* Your goal
Find each line below that includes "other", then copy it.

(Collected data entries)
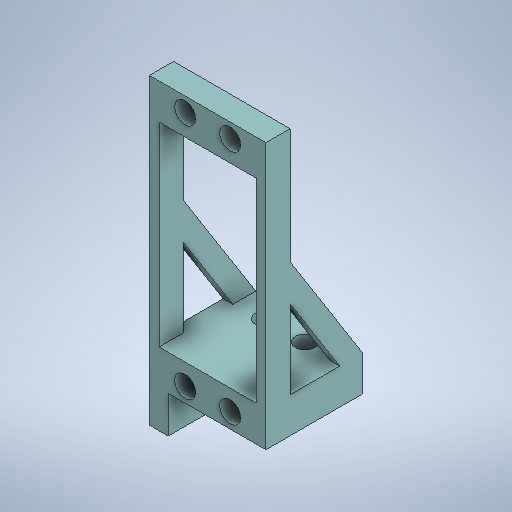
# Autodesk Inventor part: BIGServoHolder
Saved by Autodesk Inventor 2025.1 (Build 291241000, 241)
## iProperties
Created: 2025-02-24
Part Number: BIGServoHolder
Material: Generic
Document SubType Name: Modeling
Designer: 13156
Density: 1 g/cm^3
Appearance: Default
Author: 13156
Autodesk Inventor part; units mm, degrees
ref_plane "YZ Plane" through (0, 0, 0) normal (1, 0, 0) x (0, 1, 0)
ref_plane "XZ Plane" through (0, 0, 0) normal (0, 1, 0) x (-1, 0, 0)
ref_plane "XY Plane" through (0, 0, 0) normal (0, 0, 1) x (1, 0, 0)
sketch "Sketch1" plane through (0, 0, 0) normal (0, 0, 1) x (1, 0, 0)
  line L0 (-12.05, 27.5) -> (12.05, 27.5)
  line L1 (12.05, 27.5) -> (12.05, -27.5)
  line L2 (12.05, -27.5) -> (-12.05, -27.5)
  line L3 (-12.05, -27.5) -> (-12.05, 27.5)
  line L4 (-10.05, 20.15) -> (10.05, 20.15)
  line L5 (10.05, 20.15) -> (10.05, -20.15)
  line L6 (10.05, -20.15) -> (-10.05, -20.15)
  line L7 (-10.05, -20.15) -> (-10.05, 20.15)
  line L8 (0, 0) -> (0, 17.7516) construction
  line L9 (0, 0) -> (17.0454, 0) construction
  line L10 (-12.05, -27.5) -> (12.05, -27.5)
  line L11 (12.05, -27.5) -> (12.05, -20.15)
  line L12 (12.05, -20.15) -> (-12.05, -20.15)
  line L13 (-12.05, -20.15) -> (-12.05, -27.5)
  circle A0 centre (-4.65, 24.5) radius 2.175
  circle A1 centre (4.65, 24.475) radius 2.175
  circle A2 centre (-4.6492, -24.5) radius 2.175
  circle A3 centre (4.65, -24.375) radius 2.175
  point P0 (12.05, -23.825)
  dimension "d0" = 40.3
  dimension "d1" = 20.1
  dimension "d2" = 55
  dimension "d3" = 24.1
  dimension "d4" = 4.35
  dimension "d5" = 4.325
  dimension "d6" = 4.35
  dimension "d8" = 4.35
  dimension "d9" = 5.4
  dimension "d13" = 5.4
  dimension "d28" = 48.85
  dimension "d29" = 9.3
  dimension "d30" = 9.3
  constraints: 28 end point, 6 parallel, 4 centre point, 4 horizontal, 3 equal radius, 3 perpendicular, 1 collinear, 1 midpoint, 1 point on line, 1 vertical, 4 other
  measures "d0" distance between parallel lines of L6 L4
  measures "d1" distance between parallel lines of L5 L7
  measures "d2" distance between parallel lines of L2 L0
  measures "d3" distance between parallel lines of L1 L3
  measures "d4" diameter of A1
  measures "d5" distance from line of L4 A1.centre
  measures "d6" distance from line of L4 A0.centre
  measures "d8" distance from line of L6 A2.centre
  measures "d9" distance from line of L5 A1.centre
  measures "d13" distance from line of L5 A3.centre
  measures "d28" distance of A1.centre A3.centre
  measures "d29" distance of A2.centre A3.centre
  measures "d30" distance of A1.centre A0.centre
extrude "Extrusion1" add sketch "Sketch1" along normal blind 5 contours L0 L1 L12 L5 L4 L7 L3 | L12 L6 L1 L2 L3
extrude "Extrusion2" add sketch "Sketch1" against normal blind 15 contours L12 L6 L1 L2 L3 | A2 | A3
extrude "Extrusion3" cut sketch "Sketch1" against normal blind 3 contours A2 | A3
sketch "Sketch2" plane through (-10.05, -20.15, 5) normal (0, 1, 0) x (1, 0, 0)
  circle A0 centre (5.9, 16) radius 1.05
  circle A1 centre (14.2, 16) radius 1.05
  line L0 (0, 0) -> (20.1, 0) construction
  line L1 (10.05, 0) -> (10.05, 23.167) construction
  line L2 (-2, 20) -> (22.1, 20) projected
  circle A2 centre (14.2, 16) radius 2
  circle A3 centre (5.9, 16) radius 2
  point P0 (10.05, 5)
  dimension "d20" = 2.1
  dimension "d21" = 8.3
  dimension "d22" = 4
  dimension "d23" = 4
  constraints: 4 centre point, 2 coincident, 2 end point, 2 equal radius, 1 midpoint, 1 vertical, 1 other
  measures "d20" diameter of A0
  measures "d21" distance of A1.centre A0.centre
  measures "d22" distance from line of L2 A1.centre
  measures "d23" diameter of A2
extrude "Extrusion4" cut sketch "Sketch2" against normal blind 10 contours A0 | A1
extrude "Extrusion5" cut sketch "Sketch2" against normal blind 3 contours A0 | A1 | A2 | A3
sketch "Sketch3" plane through (12.05, -20.15, 0) normal (1, 0, 0) x (0, 0, -1)
  line L0 (-12.1039, 23.825) -> (31.505, 23.825) construction
  line L1 (0, 47.65) -> (-5, 47.65) construction
  line L2 (-5, 47.65) -> (38.6712, 47.65) construction
  line L3 (0, 0) -> (-5, 0) construction
  line L4 (-5, 0) -> (38.6712, 0) construction
  line L5 (-0.0214, 23.825) -> (15, 0)
  line L6 (-0.0214, 23.825) -> (-0.0214, 16.325)
  line L7 (-0.0214, 16.325) -> (10.2713, 0)
  line L8 (10.2713, 0) -> (15, 0)
  line L9 (15, 0) -> (15, -7.35) construction
  line L10 (15, -0.9137) -> (15, 2.4866) construction
  line L11 (-5, 0) -> (15, 0)
  line L12 (15, 0) -> (15, -15)
  line L13 (15, -15) -> (-5, -15)
  line L14 (-5, -15) -> (-5, 0)
  circle A0 centre (5, -10) radius 1.05
  point P0 (0, 20.15)
  dimension "d31" = 4
  dimension "d32" = 7.5
  dimension "d34" = 15
  dimension "d39" = 2.1
  dimension "d40" = 10
  dimension "d41" = 10
  constraints: 24 end point, 4 horizontal, 3 parallel, 3 point on line, 2 collinear, 1 centre point, 1 perpendicular, 1 vertical, 1 other
  measures "d31" distance between parallel lines of L7 L5
  measures "d32" distance of L5.start L6.end
  measures "d34" distance between parallel lines of L4 L13
  measures "d39" diameter of A0
  measures "d40" distance from line of L4 A0.centre
  measures "d41" distance from line of L12 A0.centre
ref_plane "Work Plane1" through (0, -20.15, 0) normal (-1, 0, 0) x (0, 0, 1)
extrude "Extrusion6" add sketch "Sketch3" against normal up to surface (2 mm away) contours L5 L8 L7 L6
mirror "Mirror1" about plane through (0, -20.15, 0) normal (-1, 0, 0) of "Extrusion6"
extrude "Extrusion7" add sketch "Sketch3" along normal blind 3.9 from surface at -24.1 contours L12 L13 L14 L11 L8 | A0
extrude "Extrusion8" cut sketch "Sketch3" against normal blind 35.65 contours A0
equation "\"d8\" = d6"
equation "\"d13\" = d9"
body "Solid1"

* Answer to this task
  constraints: 28 end point, 6 parallel, 4 centre point, 4 horizontal, 3 equal radius, 3 perpendicular, 1 collinear, 1 midpoint, 1 point on line, 1 vertical, 4 other
  constraints: 4 centre point, 2 coincident, 2 end point, 2 equal radius, 1 midpoint, 1 vertical, 1 other
  constraints: 24 end point, 4 horizontal, 3 parallel, 3 point on line, 2 collinear, 1 centre point, 1 perpendicular, 1 vertical, 1 other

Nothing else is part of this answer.